Eine tolle Chance für André. Und wohlverdient. Er war die vergangenen Jahre der „Chef“ des haitianischen Patenschafts-Komités und hat neben seinem Studium und Jobs immer noch Zeit gefunden sich ehrenamtlich im Komité einzubringen.
Ich wünsche ihm einen tollen Aufenthalt in Deutschland und viele schöne und interessante Erlebnisse.
Conny Rébert-Graumann

Donnerstag, 12. April 2012

Mathematik für Brotkäufer......

Kauf eines Plateau haitianischen Brotes.
Morgens auf dem Weg zu henfrasa wollten wir das Brot für unser Mittagessen beim fliegenden Bäcker kaufen, der mit seinem vollgeladenen Korb auf dem Kopf auf Verkaufstour war. Wir hielten an. Roswitha bat um den Preis. Der marchand bat einen Vorbeigehenden ihm zu helfen den Korb vom Kopf zu heben. Die Brot-Plateau sind rechteckig und jeweils mit drei Reihen á vier Brötchen, also 12 Stück bestückt. Ok, der Preis für ein Plateau sollte zuerst mal 20 Haiti Dollar betragen. Nach Verhandlungen kamen wir dann endlich bei 15 Haiti Dollar an. Roswitha wollte noch ein wenig runter, weil dies der Preis für „blancs“ ist. Nach richtig lautem Palaver, die umliegenden Nachbarn kamen schon aus ihren Häusern, sagte Roswitha, dass er doch froh sein sollte wenn wir fünf Plateau kaufen würden, das müsste er dann schon nicht mehr den Berg rauf schleppen. Nein, er wolle 15 Dollar für das Plateau. Na, dann wird es halt nichts mit dem Geschäft.
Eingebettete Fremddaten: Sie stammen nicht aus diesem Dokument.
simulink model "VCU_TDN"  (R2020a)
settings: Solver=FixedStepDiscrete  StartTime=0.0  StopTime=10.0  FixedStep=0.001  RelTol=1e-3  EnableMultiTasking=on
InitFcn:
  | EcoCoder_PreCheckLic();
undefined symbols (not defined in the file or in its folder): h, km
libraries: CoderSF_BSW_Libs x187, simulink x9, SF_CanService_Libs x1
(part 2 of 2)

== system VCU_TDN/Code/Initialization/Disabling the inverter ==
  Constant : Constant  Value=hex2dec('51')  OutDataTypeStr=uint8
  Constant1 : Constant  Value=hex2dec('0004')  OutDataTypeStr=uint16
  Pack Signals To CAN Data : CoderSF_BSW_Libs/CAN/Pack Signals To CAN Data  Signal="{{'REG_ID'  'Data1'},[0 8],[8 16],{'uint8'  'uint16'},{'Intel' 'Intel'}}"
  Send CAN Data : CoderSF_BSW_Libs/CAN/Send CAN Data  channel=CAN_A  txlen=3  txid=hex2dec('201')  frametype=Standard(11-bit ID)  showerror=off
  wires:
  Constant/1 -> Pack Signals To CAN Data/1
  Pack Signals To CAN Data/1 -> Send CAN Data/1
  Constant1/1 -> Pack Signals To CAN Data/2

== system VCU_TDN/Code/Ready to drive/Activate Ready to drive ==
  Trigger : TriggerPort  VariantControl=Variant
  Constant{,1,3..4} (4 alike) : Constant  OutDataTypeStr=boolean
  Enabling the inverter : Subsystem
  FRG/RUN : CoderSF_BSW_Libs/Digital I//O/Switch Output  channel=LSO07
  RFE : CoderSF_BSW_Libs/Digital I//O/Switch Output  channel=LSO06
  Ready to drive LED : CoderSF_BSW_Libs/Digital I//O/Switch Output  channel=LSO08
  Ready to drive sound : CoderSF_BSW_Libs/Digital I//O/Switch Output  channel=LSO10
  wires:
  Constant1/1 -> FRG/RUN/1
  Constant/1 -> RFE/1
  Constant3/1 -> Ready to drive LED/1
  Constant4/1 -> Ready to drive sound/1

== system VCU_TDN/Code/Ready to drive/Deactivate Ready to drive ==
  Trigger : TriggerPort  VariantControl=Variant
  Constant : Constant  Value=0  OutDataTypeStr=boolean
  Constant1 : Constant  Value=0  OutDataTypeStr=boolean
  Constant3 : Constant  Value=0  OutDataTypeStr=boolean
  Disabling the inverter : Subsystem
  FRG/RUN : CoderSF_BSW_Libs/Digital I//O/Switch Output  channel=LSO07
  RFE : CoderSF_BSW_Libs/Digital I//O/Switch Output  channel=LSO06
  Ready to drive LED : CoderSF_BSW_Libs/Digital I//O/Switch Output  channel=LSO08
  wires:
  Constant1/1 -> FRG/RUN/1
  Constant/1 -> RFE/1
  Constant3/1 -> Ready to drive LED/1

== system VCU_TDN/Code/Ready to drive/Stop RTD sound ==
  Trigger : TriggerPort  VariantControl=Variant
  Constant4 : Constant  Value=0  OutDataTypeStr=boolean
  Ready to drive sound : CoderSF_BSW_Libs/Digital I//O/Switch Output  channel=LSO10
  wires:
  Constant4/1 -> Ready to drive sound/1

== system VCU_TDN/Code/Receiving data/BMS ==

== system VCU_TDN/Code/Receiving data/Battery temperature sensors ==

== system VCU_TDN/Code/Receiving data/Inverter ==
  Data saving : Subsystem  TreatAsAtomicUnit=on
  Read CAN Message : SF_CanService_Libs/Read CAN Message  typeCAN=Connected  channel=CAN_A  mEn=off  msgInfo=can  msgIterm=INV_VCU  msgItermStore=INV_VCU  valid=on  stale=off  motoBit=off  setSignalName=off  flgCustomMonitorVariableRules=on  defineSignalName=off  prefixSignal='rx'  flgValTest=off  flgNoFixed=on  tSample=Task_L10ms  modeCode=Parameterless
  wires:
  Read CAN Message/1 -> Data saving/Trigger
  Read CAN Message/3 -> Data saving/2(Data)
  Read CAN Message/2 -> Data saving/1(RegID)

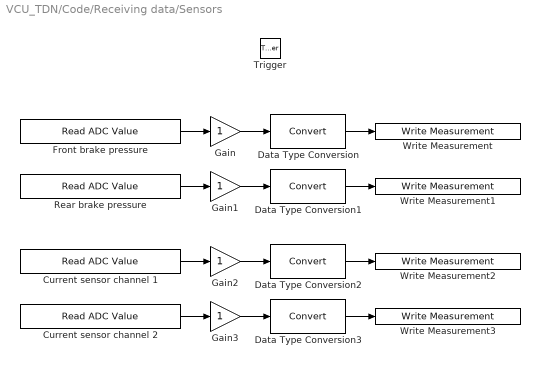
== system VCU_TDN/Code/Receiving data/Sensors ==
  Trigger : TriggerPort  TriggerType=function-call  VariantControl=Variant  PortDimensions=1
  Current sensor channel 1 : CoderSF_BSW_Libs/ADC/Read ADC Value  channel=15
  Current sensor channel 2 : CoderSF_BSW_Libs/ADC/Read ADC Value  channel=17
  Data Type Conversion{,1..3} (4 alike) : DataTypeConversion
  Front brake pressure : CoderSF_BSW_Libs/ADC/Read ADC Value  channel=8
  Gain{,1..3} (4 alike) : Gain
  Rear brake pressure : CoderSF_BSW_Libs/ADC/Read ADC Value  channel=12
  Write Measurement : CoderSF_BSW_Libs/Calibration & Measurement/Write Measurement  variable_name=FR_BRK_PRESSURE  variable_value=0  variable_type=single  numD=1  unitStr=bar  descStr=""
      settings: AttributesFormatString=type:%<variable_type> Dimensions:%<numD>
  Write Measurement1 : CoderSF_BSW_Libs/Calibration & Measurement/Write Measurement  variable_name=RR_BRAKE_PRESSURE  variable_value=0  variable_type=single  numD=1  unitStr=bar  descStr=""
      settings: AttributesFormatString=type:%<variable_type> Dimensions:%<numD>
  Write Measurement2 : CoderSF_BSW_Libs/Calibration & Measurement/Write Measurement  variable_name=CURRENT_CH_1  variable_value=0  variable_type=int16  numD=1  unitStr=A  descStr=""
      settings: AttributesFormatString=type:%<variable_type> Dimensions:%<numD>
  Write Measurement3 : CoderSF_BSW_Libs/Calibration & Measurement/Write Measurement  variable_name=CURRENT_CH_2  variable_value=0  variable_type=int16  numD=1  unitStr=A  descStr=""
      settings: AttributesFormatString=type:%<variable_type> Dimensions:%<numD>
  wires:
  Current sensor channel 2/1 -> Gain3/1
  Current sensor channel 1/1 -> Gain2/1
  Rear brake pressure/1 -> Gain1/1
  Front brake pressure/1 -> Gain/1
  Data Type Conversion/1 -> Write Measurement/1
  Data Type Conversion3/1 -> Write Measurement3/1
  Gain2/1 -> Data Type Conversion2/1
  Data Type Conversion2/1 -> Write Measurement2/1
  Gain1/1 -> Data Type Conversion1/1
  Data Type Conversion1/1 -> Write Measurement1/1
  Gain/1 -> Data Type Conversion/1
  Gain3/1 -> Data Type Conversion3/1

== system VCU_TDN/Code/Ready to drive/Activate Ready to drive/Enabling the inverter ==
  Constant : Constant  Value=hex2dec('51')  OutDataTypeStr=uint8
  Constant1 : Constant  Value=hex2dec('0000')  OutDataTypeStr=uint16
  Pack Signals To CAN Data : CoderSF_BSW_Libs/CAN/Pack Signals To CAN Data  Signal="{{'REG_ID'  'Data1'},[0 8],[8 16],{'uint8'  'uint16'},{'Intel' 'Intel'}}"
  Send CAN Data : CoderSF_BSW_Libs/CAN/Send CAN Data  channel=CAN_A  txlen=3  txid=hex2dec('201')  frametype=Standard(11-bit ID)  showerror=off
  wires:
  Constant/1 -> Pack Signals To CAN Data/1
  Pack Signals To CAN Data/1 -> Send CAN Data/1
  Constant1/1 -> Pack Signals To CAN Data/2

== system VCU_TDN/Code/Ready to drive/Deactivate Ready to drive/Disabling the inverter ==
  Constant : Constant  Value=hex2dec('51')  OutDataTypeStr=uint8
  Constant1 : Constant  Value=hex2dec('0004')  OutDataTypeStr=uint16
  Pack Signals To CAN Data : CoderSF_BSW_Libs/CAN/Pack Signals To CAN Data  Signal="{{'REG_ID'  'Data1'},[0 8],[8 16],{'uint8'  'uint16'},{'Intel' 'Intel'}}"
  Send CAN Data : CoderSF_BSW_Libs/CAN/Send CAN Data  channel=CAN_A  txlen=3  txid=hex2dec('201')  frametype=Standard(11-bit ID)  showerror=off
  wires:
  Constant/1 -> Pack Signals To CAN Data/1
  Pack Signals To CAN Data/1 -> Send CAN Data/1
  Constant1/1 -> Pack Signals To CAN Data/2

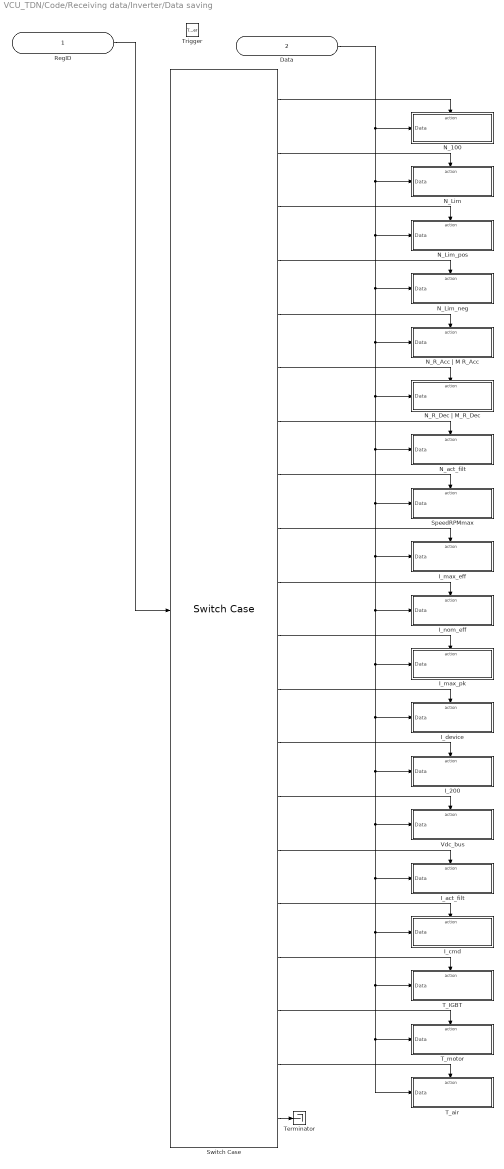
== system VCU_TDN/Code/Receiving data/Inverter/Data saving ==
  RegID : Inport
  Data : Inport  Port=2
  Trigger : TriggerPort  VariantControl=Variant
  I_200 : Subsystem  TreatAsAtomicUnit=on
  I_act_filt : Subsystem  TreatAsAtomicUnit=on
  I_cmd : Subsystem  TreatAsAtomicUnit=on
  I_device : Subsystem  TreatAsAtomicUnit=on
  I_max_eff : Subsystem  TreatAsAtomicUnit=on
  I_max_pk : Subsystem  TreatAsAtomicUnit=on
  I_nom_eff : Subsystem  TreatAsAtomicUnit=on
  N_100 : Subsystem  TreatAsAtomicUnit=on
  N_Lim : Subsystem  TreatAsAtomicUnit=on
  N_Lim_neg : Subsystem  TreatAsAtomicUnit=on
  N_Lim_pos : Subsystem  TreatAsAtomicUnit=on
  N_R_Acc | M R_Acc : Subsystem  TreatAsAtomicUnit=on
  N_R_Dec | M_R_Dec : Subsystem  TreatAsAtomicUnit=on
  N_act_filt : Subsystem  TreatAsAtomicUnit=on
  SpeedRPMmax : Subsystem  TreatAsAtomicUnit=on
  Switch Case : SwitchCase  CaseConditions={0xc8,0x34,0x3f,0x3e,0x35,0xed,0xce,0xa8,0x4d,0x4e,0xc4,0xc6,0xd9,0xeb,0x5f,0x26,0x4a,0x49,0x4b}
  T_IGBT : Subsystem  TreatAsAtomicUnit=on
  T_air : Subsystem  TreatAsAtomicUnit=on
  T_motor : Subsystem  TreatAsAtomicUnit=on
  Terminator : Terminator
  Vdc_bus : Subsystem  TreatAsAtomicUnit=on
  wires:
  RegID/1 -> Switch Case/1
  Switch Case/20 -> Terminator/1
  Switch Case/1 -> N_100/Action
  Switch Case/2 -> N_Lim/Action
  Switch Case/3 -> N_Lim_pos/Action
  Switch Case/4 -> N_Lim_neg/Action
  Switch Case/5 -> N_R_Acc | M R_Acc/Action
  Switch Case/6 -> N_R_Dec | M_R_Dec/Action
  Switch Case/7 -> N_act_filt/Action
  Switch Case/8 -> SpeedRPMmax/Action
  Switch Case/9 -> I_max_eff/Action
  Switch Case/10 -> I_nom_eff/Action
  Switch Case/11 -> I_max_pk/Action
  Switch Case/12 -> I_device/Action
  Switch Case/13 -> I_200/Action
  Switch Case/14 -> Vdc_bus/Action
  Switch Case/15 -> I_act_filt/Action
  Switch Case/16 -> I_cmd/Action
  Switch Case/17 -> T_IGBT/Action
  Switch Case/18 -> T_motor/Action
  Switch Case/19 -> T_air/Action
  Data/1 -> T_air/1(Data), T_motor/1(Data), T_IGBT/1(Data), I_cmd/1(Data), I_act_filt/1(Data), Vdc_bus/1(Data), I_200/1(Data), I_device/1(Data), I_max_pk/1(Data), I_nom_eff/1(Data), I_max_eff/1(Data), SpeedRPMmax/1(Data), N_act_filt/1(Data), N_R_Dec | M_R_Dec/1(Data), N_R_Acc | M R_Acc/1(Data), N_Lim_neg/1(Data), N_Lim_pos/1(Data), N_Lim/1(Data), N_100/1(Data)

== system VCU_TDN/Code/Receiving data/Inverter/Data saving/I_200 ==
  Data : Inport
  Action Port : ActionPort  ActionPortLabel=case [ 217 ]:
  Data Type Conversion : DataTypeConversion
  Write NVM : CoderSF_BSW_Libs/Non-volatile Memory Blocks/Write NVM  variable_name=nvmI_200  flgDef=on  variable_value=0  variable_type=int16  variable_numD=1  unitStr=""  descStr=""  EcoCoderBlockID=N001_NVMVDEF
      settings: AttributesFormatString=value:%<variable_value> type:%<variable_type> D:%<variable_numD>
  Write and Read Measurement : CoderSF_BSW_Libs/Calibration & Measurement/Write and Read Measurement  variable_name=I_200  variable_value=0  variable_type=int16  numD=1  unitStr=""  descStr=""
      settings: AttributesFormatString=type:%<variable_type> Dimensions:%<numD>
  wires:
  Data Type Conversion/1 -> Write and Read Measurement/1
  Data/1 -> Data Type Conversion/1
  Write and Read Measurement/1 -> Write NVM/1  "I_200"

== system VCU_TDN/Code/Receiving data/Inverter/Data saving/I_act_filt ==
  Data : Inport
  Action Port : ActionPort  ActionPortLabel=case [ 95 ]:
  Data Type Conversion : DataTypeConversion
  Write NVM : CoderSF_BSW_Libs/Non-volatile Memory Blocks/Write NVM  variable_name=nvmI_act_filt  flgDef=on  variable_value=0  variable_type=int16  variable_numD=1  unitStr=""  descStr=""  EcoCoderBlockID=N001_NVMVDEF
      settings: AttributesFormatString=value:%<variable_value> type:%<variable_type> D:%<variable_numD>
  Write and Read Measurement : CoderSF_BSW_Libs/Calibration & Measurement/Write and Read Measurement  variable_name=I_act_filt  variable_value=0  variable_type=int16  numD=1  unitStr=""  descStr=""
      settings: AttributesFormatString=type:%<variable_type> Dimensions:%<numD>
  wires:
  Data Type Conversion/1 -> Write and Read Measurement/1
  Data/1 -> Data Type Conversion/1
  Write and Read Measurement/1 -> Write NVM/1  "I_act_filt"

== system VCU_TDN/Code/Receiving data/Inverter/Data saving/I_cmd ==
  Data : Inport
  Action Port : ActionPort  ActionPortLabel=case [ 38 ]:
  Data Type Conversion : DataTypeConversion
  Write NVM : CoderSF_BSW_Libs/Non-volatile Memory Blocks/Write NVM  variable_name=nvmI_cmd  flgDef=on  variable_value=0  variable_type=int16  variable_numD=1  unitStr=""  descStr=""  EcoCoderBlockID=N001_NVMVDEF
      settings: AttributesFormatString=value:%<variable_value> type:%<variable_type> D:%<variable_numD>
  Write and Read Measurement : CoderSF_BSW_Libs/Calibration & Measurement/Write and Read Measurement  variable_name=I_cmd  variable_value=0  variable_type=int16  numD=1  unitStr=""  descStr=""
      settings: AttributesFormatString=type:%<variable_type> Dimensions:%<numD>
  wires:
  Data Type Conversion/1 -> Write and Read Measurement/1
  Data/1 -> Data Type Conversion/1
  Write and Read Measurement/1 -> Write NVM/1  "I_cmd"

== system VCU_TDN/Code/Receiving data/Inverter/Data saving/I_device ==
  Data : Inport
  Action Port : ActionPort  ActionPortLabel=case [ 198 ]:
  Data Type Conversion : DataTypeConversion
  Write NVM : CoderSF_BSW_Libs/Non-volatile Memory Blocks/Write NVM  variable_name=nvmI_device  flgDef=on  variable_value=0  variable_type=int16  variable_numD=1  unitStr=""  descStr=""  EcoCoderBlockID=N001_NVMVDEF
      settings: AttributesFormatString=value:%<variable_value> type:%<variable_type> D:%<variable_numD>
  Write and Read Measurement : CoderSF_BSW_Libs/Calibration & Measurement/Write and Read Measurement  variable_name=I_device  variable_value=0  variable_type=int16  numD=1  unitStr=""  descStr=""
      settings: AttributesFormatString=type:%<variable_type> Dimensions:%<numD>
  wires:
  Data Type Conversion/1 -> Write and Read Measurement/1
  Data/1 -> Data Type Conversion/1
  Write and Read Measurement/1 -> Write NVM/1  "I_device"

== system VCU_TDN/Code/Receiving data/Inverter/Data saving/I_max_eff ==
  Data : Inport
  Action Port : ActionPort  ActionPortLabel=case [ 77 ]:
  Data Type Conversion : DataTypeConversion
  Write NVM : CoderSF_BSW_Libs/Non-volatile Memory Blocks/Write NVM  variable_name=nvmI_max_eff  flgDef=on  variable_value=0  variable_type=int16  variable_numD=1  unitStr=""  descStr=""  EcoCoderBlockID=N001_NVMVDEF
      settings: AttributesFormatString=value:%<variable_value> type:%<variable_type> D:%<variable_numD>
  Write and Read Measurement : CoderSF_BSW_Libs/Calibration & Measurement/Write and Read Measurement  variable_name=I_max_eff  variable_value=0  variable_type=int16  numD=1  unitStr=""  descStr=""
      settings: AttributesFormatString=type:%<variable_type> Dimensions:%<numD>
  wires:
  Data Type Conversion/1 -> Write and Read Measurement/1
  Data/1 -> Data Type Conversion/1
  Write and Read Measurement/1 -> Write NVM/1  "I_max_eff"

== system VCU_TDN/Code/Receiving data/Inverter/Data saving/I_max_pk ==
  Data : Inport
  Action Port : ActionPort  ActionPortLabel=case [ 196 ]:
  Data Type Conversion : DataTypeConversion
  Write NVM : CoderSF_BSW_Libs/Non-volatile Memory Blocks/Write NVM  variable_name=nvmI_max_pk  flgDef=on  variable_value=0  variable_type=int16  variable_numD=1  unitStr=""  descStr=""  EcoCoderBlockID=N001_NVMVDEF
      settings: AttributesFormatString=value:%<variable_value> type:%<variable_type> D:%<variable_numD>
  Write and Read Measurement : CoderSF_BSW_Libs/Calibration & Measurement/Write and Read Measurement  variable_name=I_max_pk  variable_value=0  variable_type=int16  numD=1  unitStr=""  descStr=""
      settings: AttributesFormatString=type:%<variable_type> Dimensions:%<numD>
  wires:
  Data Type Conversion/1 -> Write and Read Measurement/1
  Data/1 -> Data Type Conversion/1
  Write and Read Measurement/1 -> Write NVM/1  "I_max_pk"

== system VCU_TDN/Code/Receiving data/Inverter/Data saving/I_nom_eff ==
  Data : Inport
  Action Port : ActionPort  ActionPortLabel=case [ 78 ]:
  Data Type Conversion : DataTypeConversion
  Write NVM : CoderSF_BSW_Libs/Non-volatile Memory Blocks/Write NVM  variable_name=nvmI_nom_eff  flgDef=on  variable_value=0  variable_type=int16  variable_numD=1  unitStr=""  descStr=""  EcoCoderBlockID=N001_NVMVDEF
      settings: AttributesFormatString=value:%<variable_value> type:%<variable_type> D:%<variable_numD>
  Write and Read Measurement : CoderSF_BSW_Libs/Calibration & Measurement/Write and Read Measurement  variable_name=I_nom_eff  variable_value=0  variable_type=int16  numD=1  unitStr=""  descStr=""
      settings: AttributesFormatString=type:%<variable_type> Dimensions:%<numD>
  wires:
  Data Type Conversion/1 -> Write and Read Measurement/1
  Data/1 -> Data Type Conversion/1
  Write and Read Measurement/1 -> Write NVM/1  "I_nom_eff"

== system VCU_TDN/Code/Receiving data/Inverter/Data saving/N_100 ==
  Data : Inport
  Action Port : ActionPort  ActionPortLabel=case [ 200 ]:
  Data Type Conversion : DataTypeConversion
  Write NVM : CoderSF_BSW_Libs/Non-volatile Memory Blocks/Write NVM  variable_name=nvmN_100  flgDef=on  variable_value=0  variable_type=uint16  variable_numD=1  unitStr=""  descStr=""  EcoCoderBlockID=N001_NVMVDEF
      settings: AttributesFormatString=value:%<variable_value> type:%<variable_type> D:%<variable_numD>
  Write and Read Measurement : CoderSF_BSW_Libs/Calibration & Measurement/Write and Read Measurement  variable_name=N_100  variable_value=0  variable_type=uint16  numD=1  unitStr=""  descStr=""
      settings: AttributesFormatString=type:%<variable_type> Dimensions:%<numD>
  wires:
  Data Type Conversion/1 -> Write and Read Measurement/1
  Data/1 -> Data Type Conversion/1
  Write and Read Measurement/1 -> Write NVM/1  "N_100"

== system VCU_TDN/Code/Receiving data/Inverter/Data saving/N_Lim ==
  Data : Inport
  Action Port : ActionPort  ActionPortLabel=case [ 52 ]:
  Data Type Conversion : DataTypeConversion
  Write NVM : CoderSF_BSW_Libs/Non-volatile Memory Blocks/Write NVM  variable_name=nvmN_lim  flgDef=on  variable_value=0  variable_type=uint16  variable_numD=1  unitStr=""  descStr=""  EcoCoderBlockID=N001_NVMVDEF
      settings: AttributesFormatString=value:%<variable_value> type:%<variable_type> D:%<variable_numD>
  Write and Read Measurement : CoderSF_BSW_Libs/Calibration & Measurement/Write and Read Measurement  variable_name=N_lim  variable_value=0  variable_type=uint16  numD=1  unitStr=""  descStr=""
      settings: AttributesFormatString=type:%<variable_type> Dimensions:%<numD>
  wires:
  Data Type Conversion/1 -> Write and Read Measurement/1
  Data/1 -> Data Type Conversion/1
  Write and Read Measurement/1 -> Write NVM/1  "N_lim"

== system VCU_TDN/Code/Receiving data/Inverter/Data saving/N_Lim_neg ==
  Data : Inport
  Action Port : ActionPort  ActionPortLabel=case [ 62 ]:
  Data Type Conversion : DataTypeConversion
  Write NVM : CoderSF_BSW_Libs/Non-volatile Memory Blocks/Write NVM  variable_name=nvmN_lim_neg  flgDef=on  variable_value=0  variable_type=int16  variable_numD=1  unitStr=""  descStr=""  EcoCoderBlockID=N001_NVMVDEF
      settings: AttributesFormatString=value:%<variable_value> type:%<variable_type> D:%<variable_numD>
  Write and Read Measurement : CoderSF_BSW_Libs/Calibration & Measurement/Write and Read Measurement  variable_name=N_lim_neg  variable_value=0  variable_type=int16  numD=1  unitStr=""  descStr=""
      settings: AttributesFormatString=type:%<variable_type> Dimensions:%<numD>
  wires:
  Data Type Conversion/1 -> Write and Read Measurement/1
  Data/1 -> Data Type Conversion/1
  Write and Read Measurement/1 -> Write NVM/1  "N_lim_neg"

== system VCU_TDN/Code/Receiving data/Inverter/Data saving/N_Lim_pos ==
  Data : Inport
  Action Port : ActionPort  ActionPortLabel=case [ 63 ]:
  Data Type Conversion : DataTypeConversion
  Write NVM : CoderSF_BSW_Libs/Non-volatile Memory Blocks/Write NVM  variable_name=nvmN_lim_pos  flgDef=on  variable_value=0  variable_type=int16  variable_numD=1  unitStr=""  descStr=""  EcoCoderBlockID=N001_NVMVDEF
      settings: AttributesFormatString=value:%<variable_value> type:%<variable_type> D:%<variable_numD>
  Write and Read Measurement : CoderSF_BSW_Libs/Calibration & Measurement/Write and Read Measurement  variable_name=N_lim_pos  variable_value=0  variable_type=int16  numD=1  unitStr=""  descStr=""
      settings: AttributesFormatString=type:%<variable_type> Dimensions:%<numD>
  wires:
  Data Type Conversion/1 -> Write and Read Measurement/1
  Data/1 -> Data Type Conversion/1
  Write and Read Measurement/1 -> Write NVM/1  "N_lim_pos"

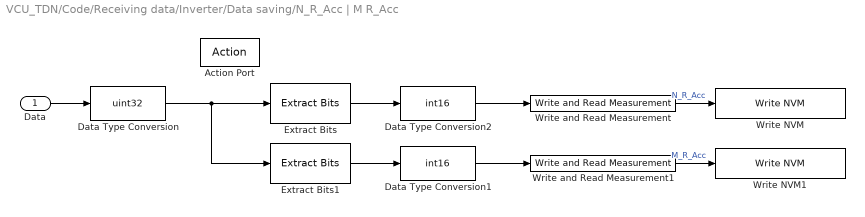
== system VCU_TDN/Code/Receiving data/Inverter/Data saving/N_R_Acc | M R_Acc ==
  Data : Inport
  Action Port : ActionPort  ActionPortLabel=case [ 53 ]:
  Data Type Conversion : DataTypeConversion  OutDataTypeStr=uint32
  Data Type Conversion1 : DataTypeConversion  OutDataTypeStr=int16
  Data Type Conversion2 : DataTypeConversion  OutDataTypeStr=int16
  Extract Bits : simulink/Logic and Bit Operations/Extract Bits  bitsToExtract=Lower half  numBits=8  bitIdxRange=[0 7]  outScalingMode=Treat bit field as an integer
  Extract Bits1 : simulink/Logic and Bit Operations/Extract Bits  bitsToExtract=Upper half  numBits=8  bitIdxRange=[0 7]  outScalingMode=Treat bit field as an integer
  Write NVM : CoderSF_BSW_Libs/Non-volatile Memory Blocks/Write NVM  variable_name=nvmN_R_Acc  flgDef=on  variable_value=0  variable_type=int16  variable_numD=1  unitStr=""  descStr=""  EcoCoderBlockID=N001_NVMVDEF
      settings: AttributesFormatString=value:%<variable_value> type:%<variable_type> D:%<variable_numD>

Roswitha fragt zum Abschluss noch, was denn ein einzelnes Brötchen kosten solle. Marchand: „1 Haiti Dollar…………..“
Conny Rébert-GraumannP.S. Wir wurden uns dann doch noch einig und der Marchand konnte mit fünf Plateau Brot weniger auf dem Kopf weiter den Berg hochsteigen.

Mittwoch, 11. April 2012

Zwei Tage am Strand

Am Mittwochmorgen schlugen uns Michelle und Peter, unsere Gastgeber vor, dass wir gemeinsam noch für zwei Tage an den Strand fahren sollten. Sie hätten Zugriff auf ein Strandhaus von Freunden. Nach anfänglichem Zögern, weil uns eigentlich die Zeit davon rennt, war aber dann der Wunsch endlich mal weg aus Port-au-Prince zu kommen und zwei Tage Ruhe zu haben, einfach größer. Nach über drei Wochen ohne Pause  nichts als Arbeiten, Organisieren, Container und Projekte  erschien uns die Vorstellung ans Meer zu fahren einfach himmlisch. Wir versuchten unsere Donnerstag- und Freitagtermine noch ein wenig zu verändern, um tatsächlich zwei freie Tage zu bekommen. Am Mittwoch hatten wir dann auch volles Programm mit Schwester Marthe, Lagerhalle, Krankenhaus, Patenschaftskomité, Endplanung Billiguy. Am Abend reichte es kurz vor Schluss um 21.oo Uhr noch schnell in den Supermarkt um ein wenig Proviant für die Fahrt am nächsten Morgen zu kaufen. Daheim am Montagne Noire schnell noch ein paar Kleidungsstücke eingepackt, geduscht und todmüde ins Bett. Wir sind dann am Donnerstag schon vor 5 Uhr morgens aufgebrochen, Richtung Westen nach Petit Goave. Alles war noch stockdunkel, aber doch schon ein ziemliches Gewühle auf der Straße. Im Dunkeln zu fahren ist hier absolut anstrengend. Alle fahren mit aufgeblendeten miserabel eingestellten Scheinwerfern mitten auf der Straße. Kein Seitenstreifen ist zu erkennen, und so auch nicht die Fußgänger.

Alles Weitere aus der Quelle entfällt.